*** Block opens ***
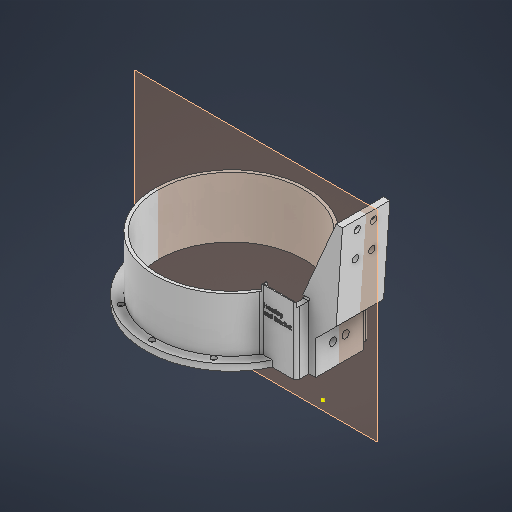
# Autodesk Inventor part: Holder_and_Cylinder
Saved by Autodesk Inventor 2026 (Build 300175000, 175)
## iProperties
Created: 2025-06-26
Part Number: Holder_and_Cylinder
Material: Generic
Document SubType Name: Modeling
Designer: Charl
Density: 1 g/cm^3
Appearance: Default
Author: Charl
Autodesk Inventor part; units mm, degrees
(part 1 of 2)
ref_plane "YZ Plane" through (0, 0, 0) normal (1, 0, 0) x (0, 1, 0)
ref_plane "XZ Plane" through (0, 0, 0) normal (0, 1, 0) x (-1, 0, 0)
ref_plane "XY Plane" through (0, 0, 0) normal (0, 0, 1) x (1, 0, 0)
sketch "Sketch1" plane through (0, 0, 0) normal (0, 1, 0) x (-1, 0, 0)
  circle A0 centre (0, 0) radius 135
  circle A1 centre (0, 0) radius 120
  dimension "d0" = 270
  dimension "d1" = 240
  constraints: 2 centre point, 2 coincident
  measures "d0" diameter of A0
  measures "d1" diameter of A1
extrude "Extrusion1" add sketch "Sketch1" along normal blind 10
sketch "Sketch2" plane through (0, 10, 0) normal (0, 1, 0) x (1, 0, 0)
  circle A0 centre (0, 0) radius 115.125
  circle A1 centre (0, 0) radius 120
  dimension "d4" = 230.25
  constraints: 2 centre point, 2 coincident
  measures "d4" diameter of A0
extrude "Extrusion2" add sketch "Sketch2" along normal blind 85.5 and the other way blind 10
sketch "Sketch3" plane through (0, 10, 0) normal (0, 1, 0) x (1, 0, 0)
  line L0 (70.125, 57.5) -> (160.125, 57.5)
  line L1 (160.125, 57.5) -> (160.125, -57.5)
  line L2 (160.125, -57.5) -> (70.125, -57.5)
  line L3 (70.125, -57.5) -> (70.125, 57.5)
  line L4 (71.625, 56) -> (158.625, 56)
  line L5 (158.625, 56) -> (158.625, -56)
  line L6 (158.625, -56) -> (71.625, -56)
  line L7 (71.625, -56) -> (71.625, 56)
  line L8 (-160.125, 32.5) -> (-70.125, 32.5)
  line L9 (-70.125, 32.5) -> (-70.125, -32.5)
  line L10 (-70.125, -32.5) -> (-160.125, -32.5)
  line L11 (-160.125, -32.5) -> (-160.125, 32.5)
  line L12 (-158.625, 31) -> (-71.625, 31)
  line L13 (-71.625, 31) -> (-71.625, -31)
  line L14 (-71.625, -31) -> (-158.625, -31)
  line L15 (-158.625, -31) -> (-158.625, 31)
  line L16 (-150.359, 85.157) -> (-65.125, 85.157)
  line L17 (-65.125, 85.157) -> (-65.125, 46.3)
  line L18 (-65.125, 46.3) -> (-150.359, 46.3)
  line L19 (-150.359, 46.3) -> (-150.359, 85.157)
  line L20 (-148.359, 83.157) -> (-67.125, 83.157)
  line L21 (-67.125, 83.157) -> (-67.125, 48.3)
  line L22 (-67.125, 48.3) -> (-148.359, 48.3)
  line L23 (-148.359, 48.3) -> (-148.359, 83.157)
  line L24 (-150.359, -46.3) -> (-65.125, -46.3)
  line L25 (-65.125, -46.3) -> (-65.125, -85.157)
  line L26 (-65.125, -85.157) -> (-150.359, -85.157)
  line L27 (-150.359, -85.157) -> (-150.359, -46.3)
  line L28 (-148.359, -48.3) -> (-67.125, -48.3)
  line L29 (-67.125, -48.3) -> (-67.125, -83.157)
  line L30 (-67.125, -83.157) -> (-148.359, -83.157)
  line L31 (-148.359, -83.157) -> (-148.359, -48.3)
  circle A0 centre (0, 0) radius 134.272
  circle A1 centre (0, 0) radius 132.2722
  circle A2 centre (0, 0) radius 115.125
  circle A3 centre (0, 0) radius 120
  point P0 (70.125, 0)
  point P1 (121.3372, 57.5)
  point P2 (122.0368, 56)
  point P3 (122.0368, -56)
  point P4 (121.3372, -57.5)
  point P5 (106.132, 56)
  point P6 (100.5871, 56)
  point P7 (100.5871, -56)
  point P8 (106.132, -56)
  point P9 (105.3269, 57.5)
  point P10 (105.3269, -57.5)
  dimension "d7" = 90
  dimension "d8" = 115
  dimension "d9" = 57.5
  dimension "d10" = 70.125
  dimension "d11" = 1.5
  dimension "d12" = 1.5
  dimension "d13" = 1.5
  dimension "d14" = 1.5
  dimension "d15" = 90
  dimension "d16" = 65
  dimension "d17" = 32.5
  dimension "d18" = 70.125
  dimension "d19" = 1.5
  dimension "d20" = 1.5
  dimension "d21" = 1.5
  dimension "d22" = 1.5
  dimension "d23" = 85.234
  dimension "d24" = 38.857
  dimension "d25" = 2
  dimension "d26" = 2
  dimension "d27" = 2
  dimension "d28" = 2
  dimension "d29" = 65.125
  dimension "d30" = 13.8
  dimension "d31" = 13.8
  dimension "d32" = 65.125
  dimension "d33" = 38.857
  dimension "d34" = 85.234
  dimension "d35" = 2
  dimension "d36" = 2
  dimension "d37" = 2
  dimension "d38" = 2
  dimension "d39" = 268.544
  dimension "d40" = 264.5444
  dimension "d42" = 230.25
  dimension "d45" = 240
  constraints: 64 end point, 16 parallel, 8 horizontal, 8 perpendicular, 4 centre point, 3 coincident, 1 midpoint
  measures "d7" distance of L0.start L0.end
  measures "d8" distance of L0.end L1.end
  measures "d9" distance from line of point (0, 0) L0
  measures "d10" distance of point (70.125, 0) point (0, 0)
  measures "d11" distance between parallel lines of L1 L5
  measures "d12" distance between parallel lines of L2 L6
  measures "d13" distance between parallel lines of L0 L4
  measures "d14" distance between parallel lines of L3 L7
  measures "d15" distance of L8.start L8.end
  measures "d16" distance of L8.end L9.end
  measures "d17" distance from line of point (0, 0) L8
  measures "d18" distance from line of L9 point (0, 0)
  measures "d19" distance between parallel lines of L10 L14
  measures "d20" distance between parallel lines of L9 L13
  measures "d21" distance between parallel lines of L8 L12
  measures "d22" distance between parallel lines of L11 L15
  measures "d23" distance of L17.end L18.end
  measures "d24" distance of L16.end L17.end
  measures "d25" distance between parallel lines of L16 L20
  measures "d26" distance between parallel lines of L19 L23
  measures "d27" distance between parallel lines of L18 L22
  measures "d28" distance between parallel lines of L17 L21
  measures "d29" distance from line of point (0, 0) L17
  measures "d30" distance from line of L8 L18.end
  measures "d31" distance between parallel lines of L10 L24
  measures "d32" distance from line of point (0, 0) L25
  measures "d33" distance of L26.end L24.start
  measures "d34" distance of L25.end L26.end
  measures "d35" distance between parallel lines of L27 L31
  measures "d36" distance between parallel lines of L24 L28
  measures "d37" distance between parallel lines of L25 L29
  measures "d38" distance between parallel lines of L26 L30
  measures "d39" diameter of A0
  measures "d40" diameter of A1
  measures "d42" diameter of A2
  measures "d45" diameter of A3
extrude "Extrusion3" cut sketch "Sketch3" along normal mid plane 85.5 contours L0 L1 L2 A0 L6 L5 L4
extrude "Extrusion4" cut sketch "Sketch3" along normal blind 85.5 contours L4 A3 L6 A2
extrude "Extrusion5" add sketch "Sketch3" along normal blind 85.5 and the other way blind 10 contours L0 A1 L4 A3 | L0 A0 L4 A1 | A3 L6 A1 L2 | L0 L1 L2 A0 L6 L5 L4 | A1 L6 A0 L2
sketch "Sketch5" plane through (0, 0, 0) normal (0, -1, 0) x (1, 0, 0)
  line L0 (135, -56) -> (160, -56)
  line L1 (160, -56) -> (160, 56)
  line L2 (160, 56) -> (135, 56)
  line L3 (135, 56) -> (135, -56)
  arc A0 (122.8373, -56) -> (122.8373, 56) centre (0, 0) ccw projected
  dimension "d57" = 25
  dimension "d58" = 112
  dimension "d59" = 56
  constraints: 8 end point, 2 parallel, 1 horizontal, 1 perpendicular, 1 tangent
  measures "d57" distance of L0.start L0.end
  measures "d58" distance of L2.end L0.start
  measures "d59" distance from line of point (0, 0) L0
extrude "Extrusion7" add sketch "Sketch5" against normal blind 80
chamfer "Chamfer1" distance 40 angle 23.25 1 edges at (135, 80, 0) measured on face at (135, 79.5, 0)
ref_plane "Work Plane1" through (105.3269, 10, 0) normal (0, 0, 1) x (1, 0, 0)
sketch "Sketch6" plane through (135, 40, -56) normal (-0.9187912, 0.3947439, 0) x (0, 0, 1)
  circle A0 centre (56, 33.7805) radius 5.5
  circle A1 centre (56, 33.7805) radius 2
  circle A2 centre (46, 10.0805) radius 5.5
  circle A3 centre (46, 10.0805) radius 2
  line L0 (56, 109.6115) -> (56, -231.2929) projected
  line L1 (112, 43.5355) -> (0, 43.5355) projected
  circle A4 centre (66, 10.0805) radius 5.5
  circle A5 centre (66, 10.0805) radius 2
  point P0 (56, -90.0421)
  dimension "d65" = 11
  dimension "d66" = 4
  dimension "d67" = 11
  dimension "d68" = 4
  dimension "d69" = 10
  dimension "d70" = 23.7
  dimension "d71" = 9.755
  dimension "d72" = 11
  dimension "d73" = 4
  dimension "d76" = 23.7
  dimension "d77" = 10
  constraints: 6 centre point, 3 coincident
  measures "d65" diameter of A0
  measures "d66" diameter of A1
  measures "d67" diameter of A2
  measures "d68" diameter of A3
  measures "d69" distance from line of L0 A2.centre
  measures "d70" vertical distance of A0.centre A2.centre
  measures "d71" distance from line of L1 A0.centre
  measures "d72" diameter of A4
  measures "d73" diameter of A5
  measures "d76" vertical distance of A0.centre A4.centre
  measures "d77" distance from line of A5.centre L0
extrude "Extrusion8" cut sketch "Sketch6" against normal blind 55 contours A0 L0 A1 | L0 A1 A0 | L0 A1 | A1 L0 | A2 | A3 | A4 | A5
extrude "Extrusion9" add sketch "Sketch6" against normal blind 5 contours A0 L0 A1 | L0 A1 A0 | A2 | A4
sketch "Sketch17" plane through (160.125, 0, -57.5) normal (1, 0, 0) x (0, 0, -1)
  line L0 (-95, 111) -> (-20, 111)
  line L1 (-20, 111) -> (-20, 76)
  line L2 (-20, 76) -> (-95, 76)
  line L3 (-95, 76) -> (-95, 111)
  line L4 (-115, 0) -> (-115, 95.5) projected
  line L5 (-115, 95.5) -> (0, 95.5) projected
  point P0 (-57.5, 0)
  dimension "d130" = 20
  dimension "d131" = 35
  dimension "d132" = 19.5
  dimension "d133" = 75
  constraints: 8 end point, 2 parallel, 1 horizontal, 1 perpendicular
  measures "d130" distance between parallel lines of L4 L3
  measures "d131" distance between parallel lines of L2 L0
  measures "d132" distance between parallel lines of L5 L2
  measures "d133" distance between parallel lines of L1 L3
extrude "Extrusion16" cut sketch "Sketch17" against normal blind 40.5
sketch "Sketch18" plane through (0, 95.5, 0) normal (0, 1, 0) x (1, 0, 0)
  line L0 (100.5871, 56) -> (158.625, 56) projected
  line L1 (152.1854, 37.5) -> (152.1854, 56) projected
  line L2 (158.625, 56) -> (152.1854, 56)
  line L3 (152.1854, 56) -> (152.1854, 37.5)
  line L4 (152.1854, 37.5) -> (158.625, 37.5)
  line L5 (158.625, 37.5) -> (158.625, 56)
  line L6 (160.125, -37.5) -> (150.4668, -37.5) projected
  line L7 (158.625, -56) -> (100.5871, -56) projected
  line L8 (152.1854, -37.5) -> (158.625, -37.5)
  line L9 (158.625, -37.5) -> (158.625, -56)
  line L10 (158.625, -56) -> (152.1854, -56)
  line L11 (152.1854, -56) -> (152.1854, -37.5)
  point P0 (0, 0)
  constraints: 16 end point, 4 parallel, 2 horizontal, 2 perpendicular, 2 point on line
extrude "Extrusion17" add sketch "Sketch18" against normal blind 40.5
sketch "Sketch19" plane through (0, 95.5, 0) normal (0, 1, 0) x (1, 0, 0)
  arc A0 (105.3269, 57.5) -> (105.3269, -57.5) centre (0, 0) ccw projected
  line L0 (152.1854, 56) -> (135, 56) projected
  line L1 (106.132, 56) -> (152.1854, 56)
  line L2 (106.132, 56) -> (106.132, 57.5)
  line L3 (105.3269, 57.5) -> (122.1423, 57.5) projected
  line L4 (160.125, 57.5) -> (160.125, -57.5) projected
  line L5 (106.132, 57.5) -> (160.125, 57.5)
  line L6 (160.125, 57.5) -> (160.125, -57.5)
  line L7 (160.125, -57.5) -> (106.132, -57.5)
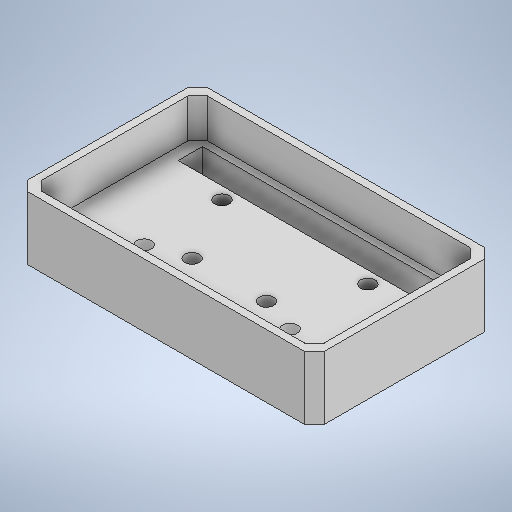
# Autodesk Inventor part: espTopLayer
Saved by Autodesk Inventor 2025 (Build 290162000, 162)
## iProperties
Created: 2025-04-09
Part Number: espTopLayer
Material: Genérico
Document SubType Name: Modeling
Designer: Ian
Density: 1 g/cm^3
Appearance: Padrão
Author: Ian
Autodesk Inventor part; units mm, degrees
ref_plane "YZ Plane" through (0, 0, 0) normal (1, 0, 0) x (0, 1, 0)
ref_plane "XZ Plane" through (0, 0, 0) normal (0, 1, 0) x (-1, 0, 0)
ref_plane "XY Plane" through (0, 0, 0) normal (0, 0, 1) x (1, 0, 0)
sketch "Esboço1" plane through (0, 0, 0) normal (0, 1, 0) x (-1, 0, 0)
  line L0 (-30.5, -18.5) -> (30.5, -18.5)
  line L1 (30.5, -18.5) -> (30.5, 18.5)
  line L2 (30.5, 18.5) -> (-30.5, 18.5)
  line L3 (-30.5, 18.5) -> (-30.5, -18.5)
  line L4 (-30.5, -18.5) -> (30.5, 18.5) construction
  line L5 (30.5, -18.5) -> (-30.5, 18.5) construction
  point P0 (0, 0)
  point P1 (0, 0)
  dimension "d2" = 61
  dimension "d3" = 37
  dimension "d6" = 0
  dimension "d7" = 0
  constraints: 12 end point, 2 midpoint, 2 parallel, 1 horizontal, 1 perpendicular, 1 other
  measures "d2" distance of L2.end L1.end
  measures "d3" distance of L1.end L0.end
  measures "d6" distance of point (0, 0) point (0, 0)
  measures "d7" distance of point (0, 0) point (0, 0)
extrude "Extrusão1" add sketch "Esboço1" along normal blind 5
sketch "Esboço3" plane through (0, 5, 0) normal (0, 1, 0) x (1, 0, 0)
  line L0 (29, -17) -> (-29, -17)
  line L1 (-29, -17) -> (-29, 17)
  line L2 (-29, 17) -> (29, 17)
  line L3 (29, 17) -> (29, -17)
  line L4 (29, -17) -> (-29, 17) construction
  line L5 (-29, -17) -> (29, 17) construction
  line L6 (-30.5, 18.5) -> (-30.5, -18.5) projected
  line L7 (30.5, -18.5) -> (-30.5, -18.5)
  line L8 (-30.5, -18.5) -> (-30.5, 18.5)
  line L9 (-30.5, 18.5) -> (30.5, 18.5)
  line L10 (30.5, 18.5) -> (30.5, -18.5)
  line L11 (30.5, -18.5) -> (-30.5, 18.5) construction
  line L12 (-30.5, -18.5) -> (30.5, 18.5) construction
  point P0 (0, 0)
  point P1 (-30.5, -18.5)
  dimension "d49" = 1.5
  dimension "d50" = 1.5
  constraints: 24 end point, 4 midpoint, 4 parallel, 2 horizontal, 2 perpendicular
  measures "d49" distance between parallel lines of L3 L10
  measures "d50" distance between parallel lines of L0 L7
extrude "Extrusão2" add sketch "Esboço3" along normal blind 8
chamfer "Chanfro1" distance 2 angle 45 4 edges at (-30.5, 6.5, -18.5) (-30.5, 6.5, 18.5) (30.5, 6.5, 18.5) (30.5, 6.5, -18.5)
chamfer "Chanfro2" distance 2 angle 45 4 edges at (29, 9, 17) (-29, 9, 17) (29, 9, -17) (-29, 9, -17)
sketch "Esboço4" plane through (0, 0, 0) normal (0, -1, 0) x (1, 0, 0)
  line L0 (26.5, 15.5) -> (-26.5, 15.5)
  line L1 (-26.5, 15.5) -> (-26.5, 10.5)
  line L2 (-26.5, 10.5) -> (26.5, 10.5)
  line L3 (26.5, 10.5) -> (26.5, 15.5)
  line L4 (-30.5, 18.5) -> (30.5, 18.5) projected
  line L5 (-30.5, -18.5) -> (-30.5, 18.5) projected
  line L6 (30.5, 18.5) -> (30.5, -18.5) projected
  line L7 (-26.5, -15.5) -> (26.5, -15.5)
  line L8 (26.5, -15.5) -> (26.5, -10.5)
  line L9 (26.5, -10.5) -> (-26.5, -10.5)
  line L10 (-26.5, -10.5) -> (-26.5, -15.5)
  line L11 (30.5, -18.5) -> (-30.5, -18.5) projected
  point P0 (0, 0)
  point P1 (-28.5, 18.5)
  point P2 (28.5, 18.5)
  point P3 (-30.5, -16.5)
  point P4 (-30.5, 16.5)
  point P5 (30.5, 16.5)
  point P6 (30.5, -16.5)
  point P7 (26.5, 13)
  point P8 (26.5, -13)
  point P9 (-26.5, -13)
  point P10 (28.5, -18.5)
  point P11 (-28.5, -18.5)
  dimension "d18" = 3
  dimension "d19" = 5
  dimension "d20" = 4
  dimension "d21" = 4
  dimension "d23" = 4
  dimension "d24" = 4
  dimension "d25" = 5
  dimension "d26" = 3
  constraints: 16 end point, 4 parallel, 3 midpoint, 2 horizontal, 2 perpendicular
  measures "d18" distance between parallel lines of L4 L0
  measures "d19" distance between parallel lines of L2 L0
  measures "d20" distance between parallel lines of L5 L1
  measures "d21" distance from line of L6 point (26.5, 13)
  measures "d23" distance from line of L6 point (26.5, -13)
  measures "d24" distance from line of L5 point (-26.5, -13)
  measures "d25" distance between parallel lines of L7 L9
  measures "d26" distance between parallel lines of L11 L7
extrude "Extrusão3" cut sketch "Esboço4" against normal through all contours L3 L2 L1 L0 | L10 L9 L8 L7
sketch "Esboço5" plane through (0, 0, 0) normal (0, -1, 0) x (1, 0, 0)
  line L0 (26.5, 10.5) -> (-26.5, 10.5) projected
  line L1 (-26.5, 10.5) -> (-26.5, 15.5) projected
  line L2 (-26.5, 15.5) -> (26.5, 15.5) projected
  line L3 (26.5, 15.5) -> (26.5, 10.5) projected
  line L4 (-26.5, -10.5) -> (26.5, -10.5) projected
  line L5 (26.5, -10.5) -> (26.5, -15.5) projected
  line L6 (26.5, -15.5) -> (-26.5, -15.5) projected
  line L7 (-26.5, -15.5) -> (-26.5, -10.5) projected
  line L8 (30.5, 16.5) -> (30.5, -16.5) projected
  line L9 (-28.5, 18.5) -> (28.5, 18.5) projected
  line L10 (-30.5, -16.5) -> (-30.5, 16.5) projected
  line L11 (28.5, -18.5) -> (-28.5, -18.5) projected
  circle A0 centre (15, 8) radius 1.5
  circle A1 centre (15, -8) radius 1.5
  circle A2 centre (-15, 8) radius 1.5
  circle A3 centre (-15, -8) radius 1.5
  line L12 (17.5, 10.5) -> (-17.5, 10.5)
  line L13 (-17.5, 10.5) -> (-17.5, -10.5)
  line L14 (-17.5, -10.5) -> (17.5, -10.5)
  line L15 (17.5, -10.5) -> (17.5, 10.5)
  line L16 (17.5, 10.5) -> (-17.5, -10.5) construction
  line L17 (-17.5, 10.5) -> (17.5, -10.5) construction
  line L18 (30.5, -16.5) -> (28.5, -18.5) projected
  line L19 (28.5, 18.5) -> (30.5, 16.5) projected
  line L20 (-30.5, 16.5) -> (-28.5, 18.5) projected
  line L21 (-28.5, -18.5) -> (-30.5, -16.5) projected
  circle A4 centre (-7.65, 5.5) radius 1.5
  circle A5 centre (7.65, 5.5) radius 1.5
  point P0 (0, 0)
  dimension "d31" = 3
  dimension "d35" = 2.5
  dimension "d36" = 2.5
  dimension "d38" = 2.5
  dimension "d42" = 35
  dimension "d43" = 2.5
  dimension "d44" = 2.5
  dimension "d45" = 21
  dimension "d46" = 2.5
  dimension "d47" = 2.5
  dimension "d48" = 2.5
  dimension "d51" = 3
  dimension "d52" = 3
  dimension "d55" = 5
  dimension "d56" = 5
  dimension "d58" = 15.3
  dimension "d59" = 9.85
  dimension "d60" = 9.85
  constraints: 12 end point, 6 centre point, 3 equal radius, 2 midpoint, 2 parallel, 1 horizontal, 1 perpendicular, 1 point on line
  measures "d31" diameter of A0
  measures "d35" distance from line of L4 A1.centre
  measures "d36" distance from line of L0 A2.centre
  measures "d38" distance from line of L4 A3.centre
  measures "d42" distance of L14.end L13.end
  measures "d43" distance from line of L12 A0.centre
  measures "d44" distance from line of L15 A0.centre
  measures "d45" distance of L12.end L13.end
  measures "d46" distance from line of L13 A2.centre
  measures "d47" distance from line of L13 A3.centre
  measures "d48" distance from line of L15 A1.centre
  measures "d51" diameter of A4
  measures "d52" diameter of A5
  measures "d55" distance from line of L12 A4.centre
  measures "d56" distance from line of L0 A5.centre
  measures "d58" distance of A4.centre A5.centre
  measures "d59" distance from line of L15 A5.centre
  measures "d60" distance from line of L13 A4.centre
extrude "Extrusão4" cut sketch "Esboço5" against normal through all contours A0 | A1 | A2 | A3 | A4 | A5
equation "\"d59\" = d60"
*** Block closes ***
Beginning at the line with "0) x (0, 0, 1)" and stopping after the line with "of A5.centre L0", please write out every line of the data above exactly and nothing else.

Exercise response:
sketch "Sketch6" plane through (135, 40, -56) normal (-0.9187912, 0.3947439, 0) x (0, 0, 1)
  circle A0 centre (56, 33.7805) radius 5.5
  circle A1 centre (56, 33.7805) radius 2
  circle A2 centre (46, 10.0805) radius 5.5
  circle A3 centre (46, 10.0805) radius 2
  line L0 (56, 109.6115) -> (56, -231.2929) projected
  line L1 (112, 43.5355) -> (0, 43.5355) projected
  circle A4 centre (66, 10.0805) radius 5.5
  circle A5 centre (66, 10.0805) radius 2
  point P0 (56, -90.0421)
  dimension "d65" = 11
  dimension "d66" = 4
  dimension "d67" = 11
  dimension "d68" = 4
  dimension "d69" = 10
  dimension "d70" = 23.7
  dimension "d71" = 9.755
  dimension "d72" = 11
  dimension "d73" = 4
  dimension "d76" = 23.7
  dimension "d77" = 10
  constraints: 6 centre point, 3 coincident
  measures "d65" diameter of A0
  measures "d66" diameter of A1
  measures "d67" diameter of A2
  measures "d68" diameter of A3
  measures "d69" distance from line of L0 A2.centre
  measures "d70" vertical distance of A0.centre A2.centre
  measures "d71" distance from line of L1 A0.centre
  measures "d72" diameter of A4
  measures "d73" diameter of A5
  measures "d76" vertical distance of A0.centre A4.centre
  measures "d77" distance from line of A5.centre L0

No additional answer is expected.